Знания, что она добыла, стали страшным грузом, отяготившим старую жрицу. Она ни с кем не могла его разделить и знала, что в решающий момент, когда злу понадобится бросить вызов, будет уже мертва.

Потом она молилась. Неистовее, чем когда-либо. Мысли ее просверливали небо, устремляясь в космос. Тьма росла в ее сознании… затем засиял одинокий свет, и она увидела лицо, морщинистое, но сильное, с пронзительными синими глазами под железным шлемом. Лицо поплыло и медленно исчезло, став мальчишеским. Но глаза по-прежнему были пронзительно-синими, а рот сложен в кривую линию. Вдруг имя пришло к ней. Но было то имя спасителя или разрушителя? Она не могла знать наверняка, ей оставалось лишь гадать и надеяться. Но имя эхом отозвалось в ее сознании, словно отдаленный гром.

Парменион!

Спарта, 385й год до Н.Э.

Они вышли к нему тихо из тени — лица спрятаны под капюшонами и масками, деревянные дубинки вскинуты вверх.

Парменион метнулся влево, но еще двое нападающих заступили ему путь, и дубинка просвистела мимо его головы, вскользь оцарапав плечо. Его кулак саданул по скрытому маской лицу, затем он перескочил вправо и побежал по Выходной улице. Холодные мраморные глаза статуи Афины воззрились вниз, на мальчишку, который подтягивался к ней. Парменион вскочил на основание статуи, карабкаясь вверх, чтобы встать у ее каменных ног.

— Спускайся, спускайся! — кричали преследователи. — У нас есть кое-что для тебя, помесь!

— Так поднимитесь и дайте мне это, — сказал он им. Пятеро нападавших побежали вперед. Ступня Пармениона лягнула первого в лицо, отбросив того назад, но дубинка другого щелкнула по ноге, сбивая его вниз. Он перекатился, резко выбросив ноги и заставив противника нелепо растянуться, затем вновь встал и прыгнул высоко над ними, тяжело приземляясь на улицу.

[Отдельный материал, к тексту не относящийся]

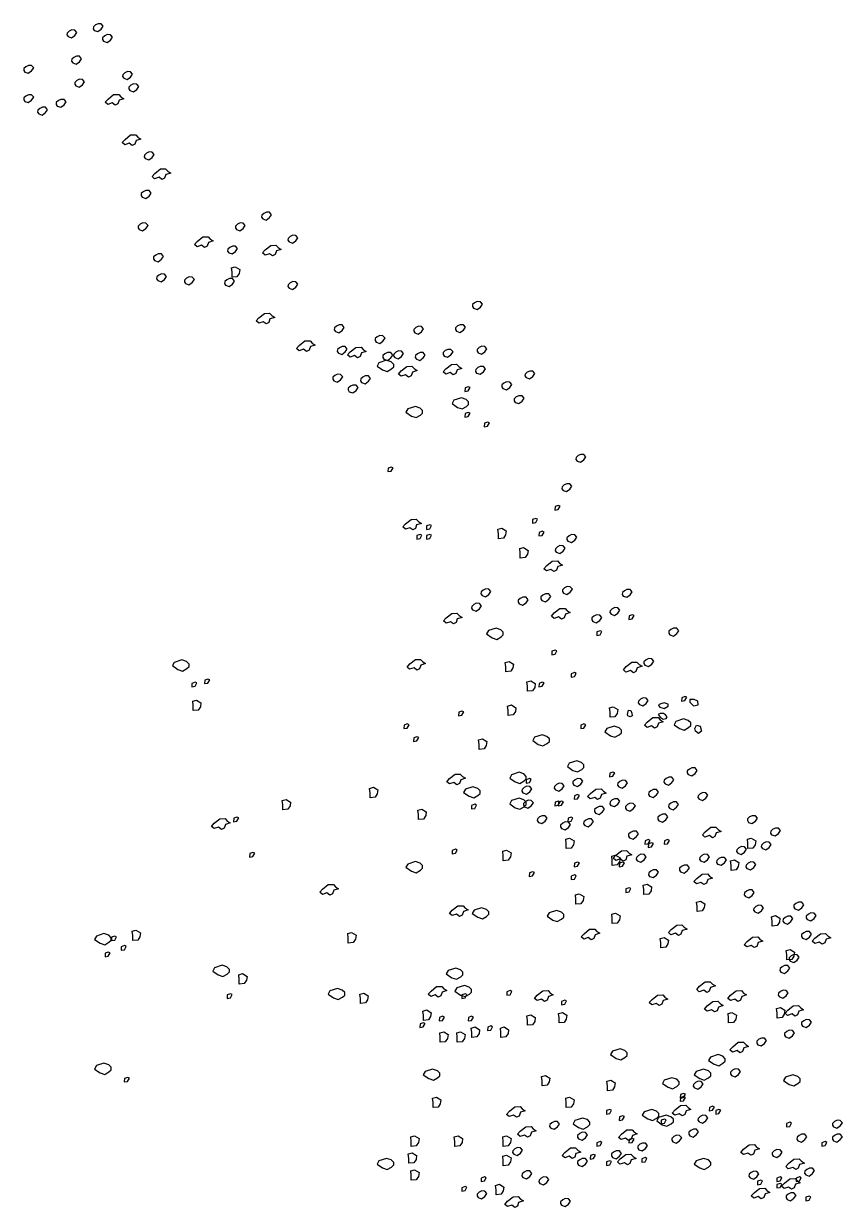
# Model space of a CAD drawing. Header units: millimetres. Extents: x 454 to 24074, y 929 to 15016.
# Drawn here: x 1545 to 2582, y 12656 to 14155 of the extents above; entities that cross this region are included whole.
import ezdxf

# ---------------------------------------------------------------- set-up
doc = ezdxf.new("R2010")
doc.units = ezdxf.units.MM
doc.layers.add('cadblocksdwg.com', color=255, linetype='Continuous')

# ---------------------------------------------------------------- blocks, each defined once
blk = doc.blocks.new('Trees side 07_cad-block.com')
at = {"color": 0}
for points in [[(174.1, 5862.4), (182.9, 5859.2), (191.1, 5865.2), (196.2, 5872.5), (191.1, 5878.5), (183.3, 5878.9), (176.9, 5875.7), (171.9, 5871.1), (171.4, 5866.6)], [(239.3, 5877.8), (248, 5874.6), (256.3, 5880.5), (261.3, 5887.8), (256.3, 5893.8), (248.5, 5894.3), (242.1, 5891.1), (237, 5886.5), (236.6, 5881.9)], [(262.3, 5850.9), (271, 5847.7), (279.3, 5853.7), (284.3, 5861), (279.3, 5867), (271.5, 5867.4), (265.1, 5864.2), (260, 5859.6), (259.6, 5855.1)], [(66.8, 5774.3), (75.5, 5771.1), (83.8, 5777), (88.8, 5784.4), (83.8, 5790.3), (76, 5790.8), (69.5, 5787.6), (64.5, 5783), (64, 5778.4)], [(185.6, 5797.3), (194.4, 5794.1), (202.6, 5800), (207.7, 5807.4), (202.6, 5813.3), (194.8, 5813.8), (188.4, 5810.6), (183.4, 5806), (182.9, 5801.4)], [(312.2, 5759), (320.9, 5755.8), (329.1, 5761.7), (334.2, 5769), (329.1, 5775), (321.3, 5775.5), (314.9, 5772.3), (309.9, 5767.7), (309.4, 5763.1)], [(193.3, 5739.8), (202, 5736.6), (210.3, 5742.6), (215.3, 5749.9), (210.3, 5755.8), (202.5, 5756.3), (196.1, 5753.1), (191, 5748.5), (190.6, 5743.9)], [(327.5, 5728.3), (336.2, 5725.1), (344.5, 5731.1), (349.5, 5738.4), (344.5, 5744.3), (336.7, 5744.8), (330.2, 5741.6), (325.2, 5737), (324.7, 5732.4)], [(66.8, 5701.5), (75.5, 5698.3), (83.8, 5704.2), (88.8, 5711.6), (83.8, 5717.5), (76, 5718), (69.5, 5714.8), (64.5, 5710.2), (64, 5705.6)], [(147.3, 5690), (156, 5686.8), (164.3, 5692.7), (169.3, 5700.1), (164.3, 5706), (156.5, 5706.5), (150.1, 5703.3), (145, 5698.7), (144.6, 5694.1)], [(273.3, 5707.2), (287.1, 5718.2), (299.9, 5718.7), (305.4, 5712.7), (312.8, 5708.1), (300.8, 5704.5), (297.6, 5695.3), (291.2, 5692.1), (283.9, 5697.6), (272.9, 5693.9), (266.5, 5699.4)], [(101.3, 5670.8), (110, 5667.6), (118.3, 5673.6), (123.3, 5680.9), (118.3, 5686.9), (110.5, 5687.3), (104.1, 5684.1), (99, 5679.5), (98.6, 5675)], [(315.5, 5607.1), (329.3, 5618.1), (342.1, 5618.5), (347.6, 5612.6), (354.9, 5608), (343, 5604.3), (339.8, 5595.2), (333.4, 5592), (326.1, 5597.5), (315.1, 5593.8), (308.6, 5599.3)], [(365.8, 5559.7), (374.5, 5556.5), (382.8, 5562.4), (387.8, 5569.8), (382.8, 5575.7), (375, 5576.2), (368.6, 5573), (363.5, 5568.4), (363.1, 5563.8)], [(389.3, 5522.7), (403.1, 5533.7), (415.9, 5534.2), (421.4, 5528.2), (428.8, 5523.7), (416.9, 5520), (413.6, 5510.8), (407.2, 5507.6), (399.9, 5513.1), (388.9, 5509.5), (382.5, 5515)], [(358.2, 5463.9), (366.9, 5460.7), (375.1, 5466.6), (380.2, 5474), (375.1, 5479.9), (367.3, 5480.4), (360.9, 5477.2), (355.9, 5472.6), (355.4, 5468)], [(657.2, 5410.2), (665.9, 5407), (674.2, 5413), (679.2, 5420.3), (674.2, 5426.3), (666.4, 5426.7), (660, 5423.5), (654.9, 5418.9), (654.5, 5414.4)], [(350.5, 5383.4), (359.2, 5380.2), (367.5, 5386.2), (372.5, 5393.5), (367.5, 5399.4), (359.7, 5399.9), (353.2, 5396.7), (348.2, 5392.1), (347.7, 5387.5)], [(592, 5383.4), (600.7, 5380.2), (609, 5386.2), (614, 5393.5), (609, 5399.4), (601.2, 5399.9), (594.8, 5396.7), (589.7, 5392.1), (589.3, 5387.5)], [(494.8, 5354.1), (508.6, 5365.1), (521.4, 5365.5), (526.9, 5359.6), (534.2, 5355), (522.3, 5351.3), (519.1, 5342.2), (512.7, 5339), (505.3, 5344.5), (494.3, 5340.8), (487.9, 5346.3)], [(722.4, 5352.8), (731.1, 5349.5), (739.3, 5355.5), (744.4, 5362.8), (739.3, 5368.8), (731.5, 5369.3), (725.1, 5366), (720.1, 5361.5), (719.6, 5356.9)], [(388.8, 5306.8), (397.5, 5303.6), (405.8, 5309.5), (410.8, 5316.8), (405.8, 5322.8), (398, 5323.3), (391.6, 5320.1), (386.5, 5315.5), (386.1, 5310.9)], [(572.9, 5325.9), (581.6, 5322.7), (589.8, 5328.7), (594.9, 5336), (589.8, 5342), (582, 5342.4), (575.6, 5339.2), (570.6, 5334.6), (570.1, 5330.1)], [(663.5, 5333), (677.3, 5344), (690.1, 5344.5), (695.6, 5338.5), (703, 5333.9), (691, 5330.2), (687.8, 5321.1), (681.4, 5317.9), (674.1, 5323.4), (663.1, 5319.7), (656.7, 5325.2)], [(581, 5265), (581, 5277.4), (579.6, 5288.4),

Деревянная бита попала ему меж лопаток, и он покачнулся. Тут же нападавшие встали над ним, вывернув ему руки.

— Вот ты и попался, — произнес голос, приглушенный вязаным шарфом, скрывающим рот.

— Тебе не нужна маска, Гриллус, — прошипел Парменион. — Я и так бы узнал тебя по зловонию.

— Ты не будешь участвовать в завтрашнем Финале, — произнес другой голос. — Понял? Тебя ни за что не допустят к соревнованию. Командирские Игры — для спартанцев, а не для полукровок.